15 Temmuz 2010 Perşembe

Bu iliski yurumuyor

Umut demisti adina. Basindan kaynar sular dokulurken hareketsiz kalip, aciyi en derinden hissetmek ister gibiydi bakisi. Umut demisti adina. Kalbinin ritmine hakim olamiyor, kalbinin sesini boynunda, kulaklarinda hissediyordu. Artik yoktu Umut hayatinda. Bencilce cekip gitmisti.

Icin icin aci cekiyorsa da, garip bir ferahlama hissediyordu icinde. Kafasindan onca olay geciyor, onlarca dusunce, yuzlerce ani, karmasa, karmasik hersey, anlamsiz.. Kendini dalgalarla bogusmus ve sonunda denizden cikmis hissediyordu. Icinden deli gibi tekrar atlamak gelse de denize, havluya sarilmis ve kamburlasmis bir sekilde oturup, yipranmis yuzu ve bos gozleriyle denize bakiyordu sadece.
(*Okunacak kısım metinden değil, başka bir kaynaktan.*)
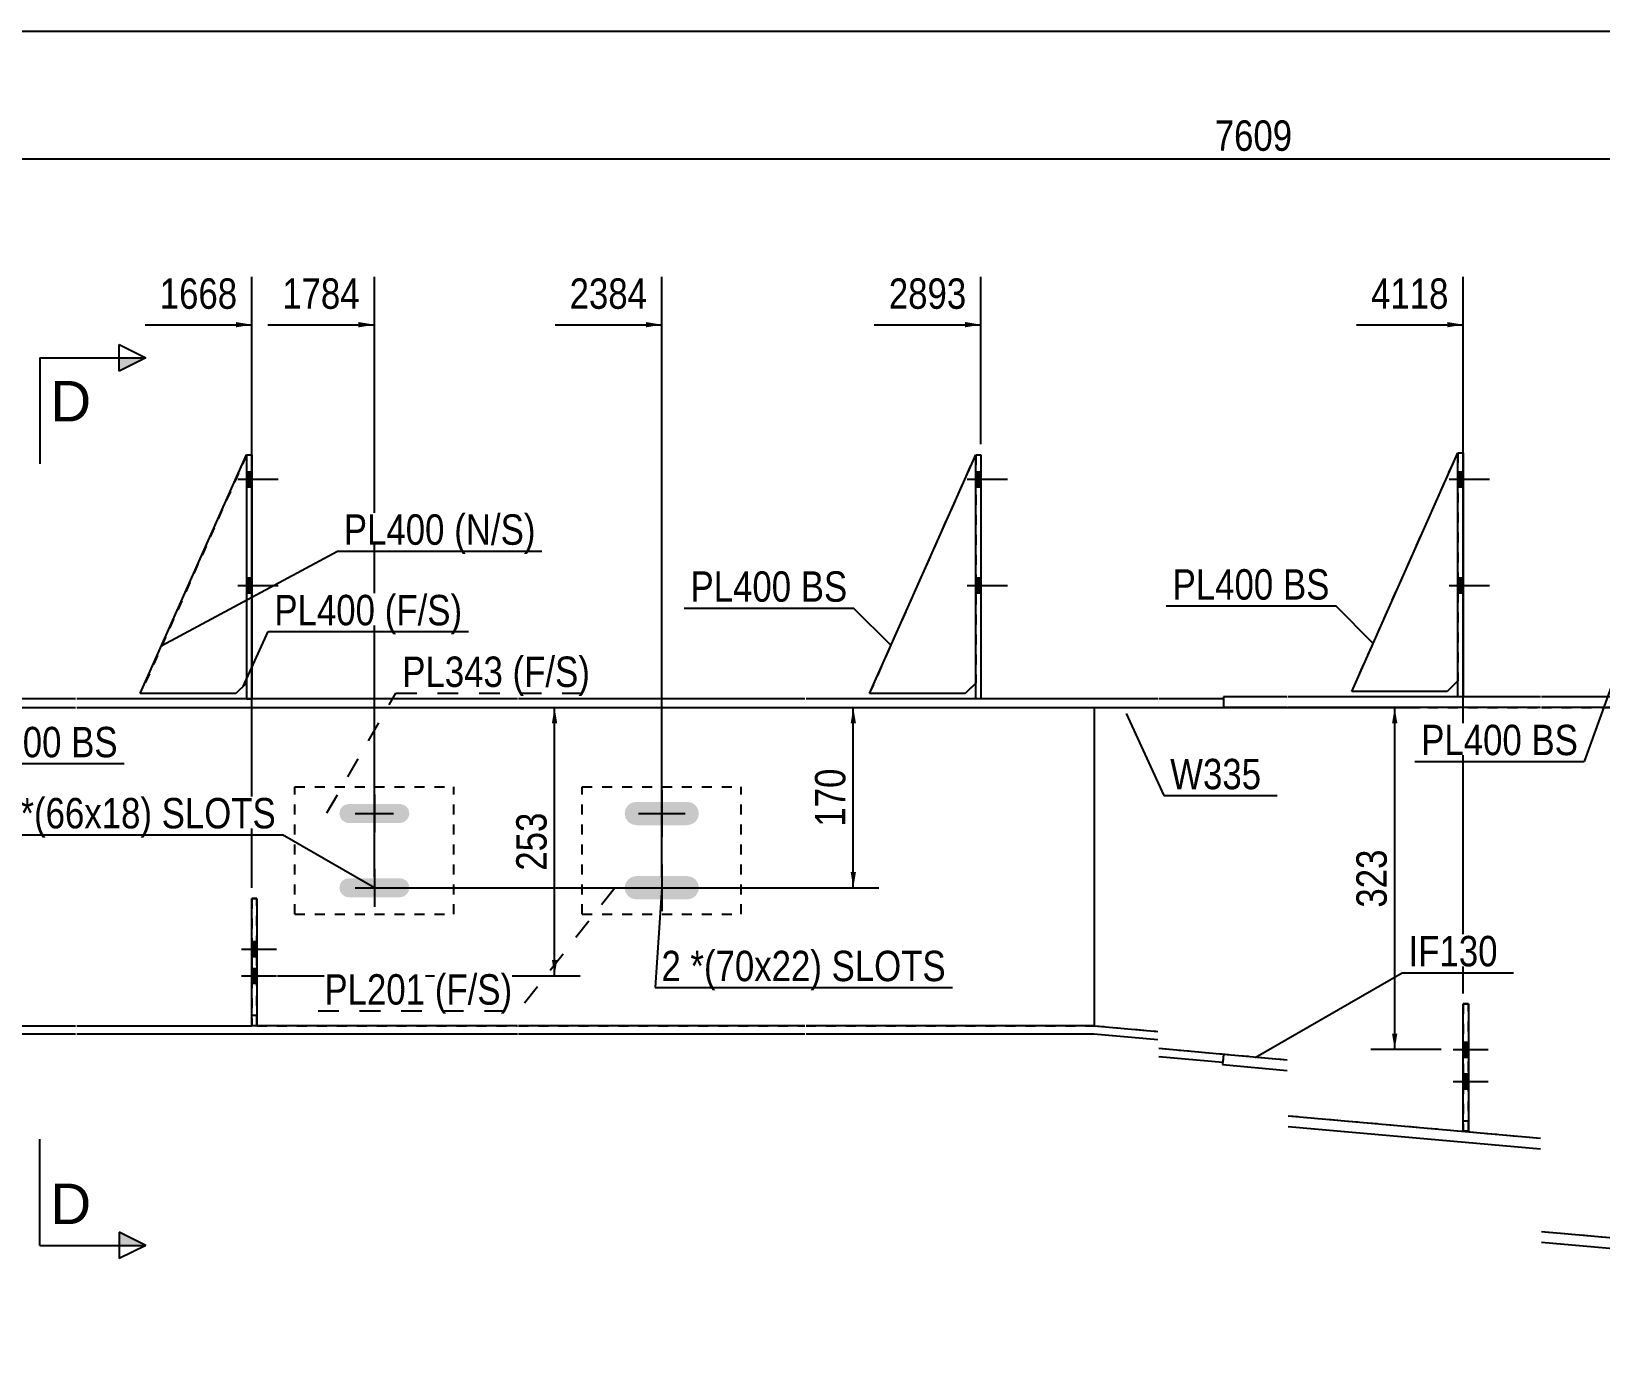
# Model space of a CAD drawing. Header units: millimetres. Extents: x -17 to 386, y -198 to 79.
# Drawn here: x 62.6 to 210.5, y -46 to 78.7 of the extents above; entities that cross this region are included whole.
import ezdxf

# ---------------------------------------------------------------- set-up
doc = ezdxf.new("R2010")
doc.units = ezdxf.units.MM
doc.linetypes.add('DXK_LINE_DOT1', pattern=[1.8814, 0.9407, -0.9407])
doc.linetypes.add('DXK_LINE_DOT2', pattern=[3.9198, 1.9599, -1.9599])
doc.styles.add('Arial', font='ARIAL.TTF', dxfattribs={"height": 0.2})
doc.styles.add('Arial Narrow', font='ARIALN.TTF', dxfattribs={"height": 0.2})

# ---------------------------------------------------------------- blocks, each defined once
blk = doc.blocks.new('Unknown-627304215-1201')
at = {"color": 5, "linetype": 'Continuous'}
blk.add_line((385.69, 78.71), (-14.31, 78.71), dxfattribs=at)
blk = doc.blocks.new('Part-627304215-9812 - 1576')
at = {"color": 2, "linetype": 'Continuous'}
for p, q in [((174.96, 16), (174.96, 15)), ((180.96, 16), (174.96, 16)), ((180.96, 15), (174.96, 15)), ((197.06, 16), (181.06, 16)), ((204.86, 15), (181.06, 15)), ((204.86, 16), (197.56, 16)), ((220.96, 16), (204.96, 16)), ((228.76, 15), (204.96, 15)), ((228.76, 16), (221.46, 16)), ((254.25, 16), (228.86, 16)), ((332.56, 15), (228.86, 15)), ((324.11, 16), (254.75, 16)), ((349.97, 16), (324.61, 16)), ((354.75, 15), (335.1, 15)), ((354.75, 16), (350.47, 16)), ((354.75, 16), (354.75, 15))]:
    blk.add_line(p, q, dxfattribs=at)
at = {"color": 7, "linetype": 'DXK_LINE_DOT1'}
for p, q in [((197.56, 16), (197.06, 16)), ((221.46, 16), (220.96, 16)), ((254.75, 16), (254.25, 16)), ((324.61, 16), (324.11, 16)), ((335.1, 15), (332.56, 15)), ((350.47, 16), (349.97, 16))]:
    blk.add_line(p, q, dxfattribs=at)
blk = doc.blocks.new('Part-627304215-9836 - 1576')
at = {"color": 2, "linetype": 'Continuous'}
for p, q in [((151.6, 15.8), (151.6, 38.8)), ((151.6, 38.8), (152.1, 38.8)), ((152.1, 38.8), (152.1, 15.8)), ((152.1, 15.8), (151.6, 15.8))]:
    blk.add_line(p, q, dxfattribs=at)
blk = doc.blocks.new('Part-627304215-9810 - 1576')
at = {"color": 2, "linetype": 'Continuous'}
for p, q in [((7.5, 15.8), (0, 15.8)), ((0, 15), (7.5, 15)), ((19.6, 15.8), (7.6, 15.8)), ((7.6, 15), (19.6, 15)), ((35.7, 15.8), (19.7, 15.8)), ((19.7, 15), (43.18, 15)), ((43.18, 15.8), (36.2, 15.8)), ((59.28, 15.8), (43.28, 15.8)), ((43.28, 15), (66.73, 15)), ((66.73, 15.8), (59.78, 15.8)), ((82.83, 15.8), (66.83, 15.8)), ((66.83, 15), (108.4, 15)), ((108.4, 15.8), (83.33, 15.8)), ((135.5, 15.8), (108.5, 15.8)), ((108.5, 15), (135.5, 15)), ((151.6, 15.8), (135.6, 15.8)), ((135.6, 15), (168.78, 15)), ((168.78, 15.8), (152.1, 15.8)), ((174.96, 15.8), (168.88, 15.8)), ((168.88, 15), (174.96, 15)), ((174.96, 15.8), (174.96, 15))]:
    blk.add_line(p, q, dxfattribs=at)
at = {"color": 7, "linetype": 'DXK_LINE_DOT1'}
for p, q in [((0, 15.8), (0, 15)), ((36.2, 15.8), (35.7, 15.8)), ((59.78, 15.8), (59.28, 15.8)), ((83.33, 15.8), (82.83, 15.8)), ((152.1, 15.8), (151.6, 15.8))]:
    blk.add_line(p, q, dxfattribs=at)
blk = doc.blocks.new('Bolt-627304215-9898 - 1576')
at = {"linetype": 'Continuous'}
for points in [[(197.56, 35.8), (197.56, 37.2), (197.06, 37.2), (197.06, 35.8)], [(197.56, 35.8), (197.56, 37.2), (197.06, 37.2), (197.06, 35.8)], [(197.56, 35.8), (197.56, 37.2), (197.06, 37.2), (197.06, 35.8)], [(197.56, 25.8), (197.56, 27.2), (197.06, 27.2), (197.06, 25.8)], [(197.56, 25.8), (197.56, 27.2), (197.06, 27.2), (197.06, 25.8)], [(197.56, 25.8), (197.56, 27.2), (197.06, 27.2), (197.06, 25.8)]]:
    blk.add_hatch(color=3, dxfattribs=at).paths.add_polyline_path(points)
at = {"color": 3, "linetype": 'Continuous'}
for p, q in [((197.06, 37.2), (197.56, 37.2)), ((197.06, 37.2), (197.56, 37.2)), ((197.06, 37.2), (197.56, 37.2)), ((196.26, 36.5), (200.06, 36.5)), ((196.26, 36.5), (200.06, 36.5)), ((196.26, 36.5), (200.06, 36.5)), ((197.06, 35.8), (197.56, 35.8)), ((197.06, 35.8), (197.56, 35.8)), ((197.06, 35.8), (197.56, 35.8)), ((197.06, 27.2), (197.56, 27.2)), ((197.06, 27.2), (197.56, 27.2)), ((197.06, 27.2), (197.56, 27.2)), ((196.26, 26.5), (200.06, 26.5)), ((196.26, 26.5), (200.06, 26.5)), ((196.26, 26.5), (200.06, 26.5)), ((197.06, 25.8), (197.56, 25.8)), ((197.06, 25.8), (197.56, 25.8)), ((197.06, 25.8), (197.56, 25.8))]:
    blk.add_line(p, q, dxfattribs=at)
blk = doc.blocks.new('Part-627304215-9834 - 1576')
at = {"color": 7, "linetype": 'DXK_LINE_DOT1'}
for p, q in [((87.4, -4.5), (87.4, 7.5)), ((87.4, 7.5), (102.4, 7.5)), ((102.4, -4.5), (102.4, 7.5)), ((87.4, -4.5), (102.4, -4.5))]:
    blk.add_line(p, q, dxfattribs=at)
blk = doc.blocks.new('Part-627304215-9879 - 1576')
at = {"color": 7, "linetype": 'DXK_LINE_DOT1'}
for p, q in [((82.85, 38.8), (72.85, 16.3)), ((82.85, 38.8), (82.85, 17.3)), ((81.83, 16.3), (72.85, 16.3)), ((82.85, 17.3), (82.83, 17.29))]:
    blk.add_line(p, q, dxfattribs=at)
at = {"color": 2, "linetype": 'Continuous'}
for p, q in [((81.85, 16.3), (81.83, 16.3)), ((82.83, 17.29), (81.85, 16.3))]:
    blk.add_line(p, q, dxfattribs=at)
blk = doc.blocks.new('Part-627304215-9815 - 1576')
at = {"color": 2, "linetype": 'Continuous'}
for p, q in [((174.96, -17.67), (174.88, -18.67)), ((174.96, -17.67), (180.96, -18.2)), ((174.88, -18.67), (180.96, -19.21)), ((181.06, -23.48), (204.86, -25.6)), ((181.06, -24.49), (204.86, -26.61)), ((204.96, -34.39), (228.76, -36.51)), ((204.96, -35.39), (228.76, -37.51)), ((228.86, -44.46), (234.95, -45)), ((228.86, -45.46), (234.86, -46)), ((234.95, -45), (234.86, -46))]:
    blk.add_line(p, q, dxfattribs=at)
blk = doc.blocks.new('Part-627304215-9819 - 1576')
at = {"color": 2, "linetype": 'Continuous'}
for p, q in [((0, -15), (7.5, -15)), ((7.5, -15.8), (0, -15.8)), ((7.6, -15), (19.6, -15)), ((19.6, -15.8), (7.6, -15.8)), ((19.7, -15), (43.18, -15)), ((43.18, -15.8), (19.7, -15.8)), ((43.28, -15), (66.73, -15)), ((66.73, -15.8), (43.28, -15.8)), ((66.83, -15), (83.33, -15)), ((108.4, -15.8), (66.83, -15.8)), ((108.4, -15), (83.83, -15)), ((135.5, -15), (108.5, -15)), ((135.5, -15.8), (108.5, -15.8)), ((162.78, -15), (135.6, -15)), ((162.74, -15.8), (135.6, -15.8)), ((168.78, -16.34), (162.74, -15.8)), ((162.78, -15), (168.78, -15.53)), ((168.88, -17.13), (174.96, -17.67)), ((174.96, -17.67), (174.89, -18.47)), ((174.89, -18.47), (168.88, -17.93))]:
    blk.add_line(p, q, dxfattribs=at)
at = {"color": 7, "linetype": 'DXK_LINE_DOT1'}
for p, q in [((0, -15.8), (0, -15)), ((83.83, -15), (83.33, -15))]:
    blk.add_line(p, q, dxfattribs=at)
blk = doc.blocks.new('Part-627304215-9821 - 1576')
at = {"color": 2, "linetype": 'Continuous'}
blk.add_line((162.78, 15), (162.78, -15), dxfattribs=at)
at = {"color": 7, "linetype": 'DXK_LINE_DOT1'}
for p, q in [((162.78, 15), (168.78, 15)), ((168.88, 15), (180.96, 15)), ((181.06, 15), (204.86, 15)), ((204.96, 15), (228.76, 15)), ((228.86, 15), (234.95, 15)), ((234.95, 15), (234.95, -45)), ((162.78, -15), (168.78, -15.53)), ((168.88, -17.13), (180.96, -18.2)), ((181.06, -23.48), (204.86, -25.6)), ((204.96, -34.39), (228.76, -36.51)), ((228.86, -44.46), (234.95, -45))]:
    blk.add_line(p, q, dxfattribs=at)
blk = doc.blocks.new('Part-627304215-9886 - 1576')
at = {"color": 7, "linetype": 'DXK_LINE_DOT1'}
for p, q in [((0, 15), (0, -15)), ((0, 15), (7.5, 15)), ((7.6, 15), (19.6, 15)), ((19.7, 15), (43.18, 15)), ((43.28, 15), (66.73, 15)), ((66.83, 15), (108.4, 15)), ((108.5, 15), (135.5, 15)), ((135.6, 15), (162.78, 15)), ((162.78, 15), (162.78, -15)), ((0, -15), (7.5, -15)), ((7.6, -15), (19.6, -15)), ((19.7, -15), (43.18, -15)), ((43.28, -15), (66.73, -15)), ((66.83, -15), (83.33, -15)), ((83.83, -15), (108.4, -15)), ((108.5, -15), (135.5, -15)), ((135.6, -15), (162.78, -15))]:
    blk.add_line(p, q, dxfattribs=at)
blk = doc.blocks.new('Bolt-627304215-9891 - 1576')
at = {"linetype": 'Continuous'}
for points in [[(125.41, 4.58), (125.5, 5), (125.41, 5.42), (125.18, 5.78), (124.82, 6.02), (124.4, 6.1), (119.6, 6.1), (119.18, 6.02), (118.82, 5.78), (118.58, 5.42), (118.5, 5), (118.58, 4.58), (118.82, 4.22), (119.18, 3.99), (119.6, 3.9), (124.4, 3.9), (124.82, 3.99), (125.18, 4.22)], [(125.41, -2.42), (125.5, -2), (125.41, -1.58), (125.18, -1.22), (124.82, -0.98), (124.4, -0.9), (119.6, -0.9), (119.18, -0.98), (118.82, -1.22), (118.58, -1.58), (118.5, -2), (118.58, -2.42), (118.82, -2.78), (119.18, -3.01), (119.6, -3.1), (124.4, -3.1), (124.82, -3.01), (125.18, -2.78)]]:
    blk.add_hatch(color=3, dxfattribs=at).paths.add_polyline_path(points)
at = {"color": 3, "linetype": 'Continuous'}
for p, q in [((122, 7.2), (122, 2.8)), ((119.8, 5), (124.2, 5)), ((122, 0.2), (122, -4.2)), ((119.8, -2), (124.2, -2))]:
    blk.add_line(p, q, dxfattribs=at)
blk = doc.blocks.new('Part-627304215-9832 - 1576')
at = {"color": 7, "linetype": 'DXK_LINE_DOT1'}
for p, q in [((114.5, -4.5), (114.5, 7.5)), ((114.5, 7.5), (129.5, 7.5)), ((129.5, -4.5), (129.5, 7.5)), ((114.5, -4.5), (129.5, -4.5))]:
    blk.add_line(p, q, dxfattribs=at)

Bir sene once hayatina girmisti Umut. Kucucuktu, safti, temizdi, ellerinde dogmustu. Kendisi yaratmisti onu. Inanilmaz birseydi, renkliydi, hareketliydi, tum hucrelerine kadar onunla doldugunu hissetmisti. Gozleri bile Umut'tu. Umutla bakiyordu. Bir yil once. O kadar seyin hepsi 1 seneye mi sigmisti sadece. Gozlerini kapattiginda, hala O'nu goruyordu ve hala yuzu guluyordu.
Yasadiklari yormustu onu ama en ufak bir pismanlik yoktu icinde. Denemeye degerdi. Denedi, basaramadi.

Ne hissediyorum diye dusundu, o beynindeki karmasadan hislerini ayirmak istiyordu.

ve yeni hisler. Basladigi gibi alevli, ic yakici bir bitisi oldu tam bir yil sonra. Sanirim bu aralardi ilk ev kiralamam, ilk mumlar, ilk etkilesimler. Basladigi kadar asil olmadi ama bitisi. Kaliteli... Mucadeleden yorgun dusmus ama hala alev alev yanan bir yurek. Keske layik bir son olsaydi.
Umut'mus yasatan insani. Onsuz ne House'un tadi var, ne dondurmanin, ne fal acmanin.
Umut'u bana verdigin icin tesekkurler. Artik tek bir amacim var. O'nu onu aramak, O'nu bulmak.

4 Şubat 2010 Perşembe

Dahi mi deli mi

Ne yapmaya çalıştığını anlamıyorum veya anladıklarım işime gelmiyor. Lütfen yanlış anlama ile başlayan bir anlaşılmazlık. Açıklasana lan o zaman, ne yanlış ne doğru, bırakıyorsun sersemlemiş algılarıma.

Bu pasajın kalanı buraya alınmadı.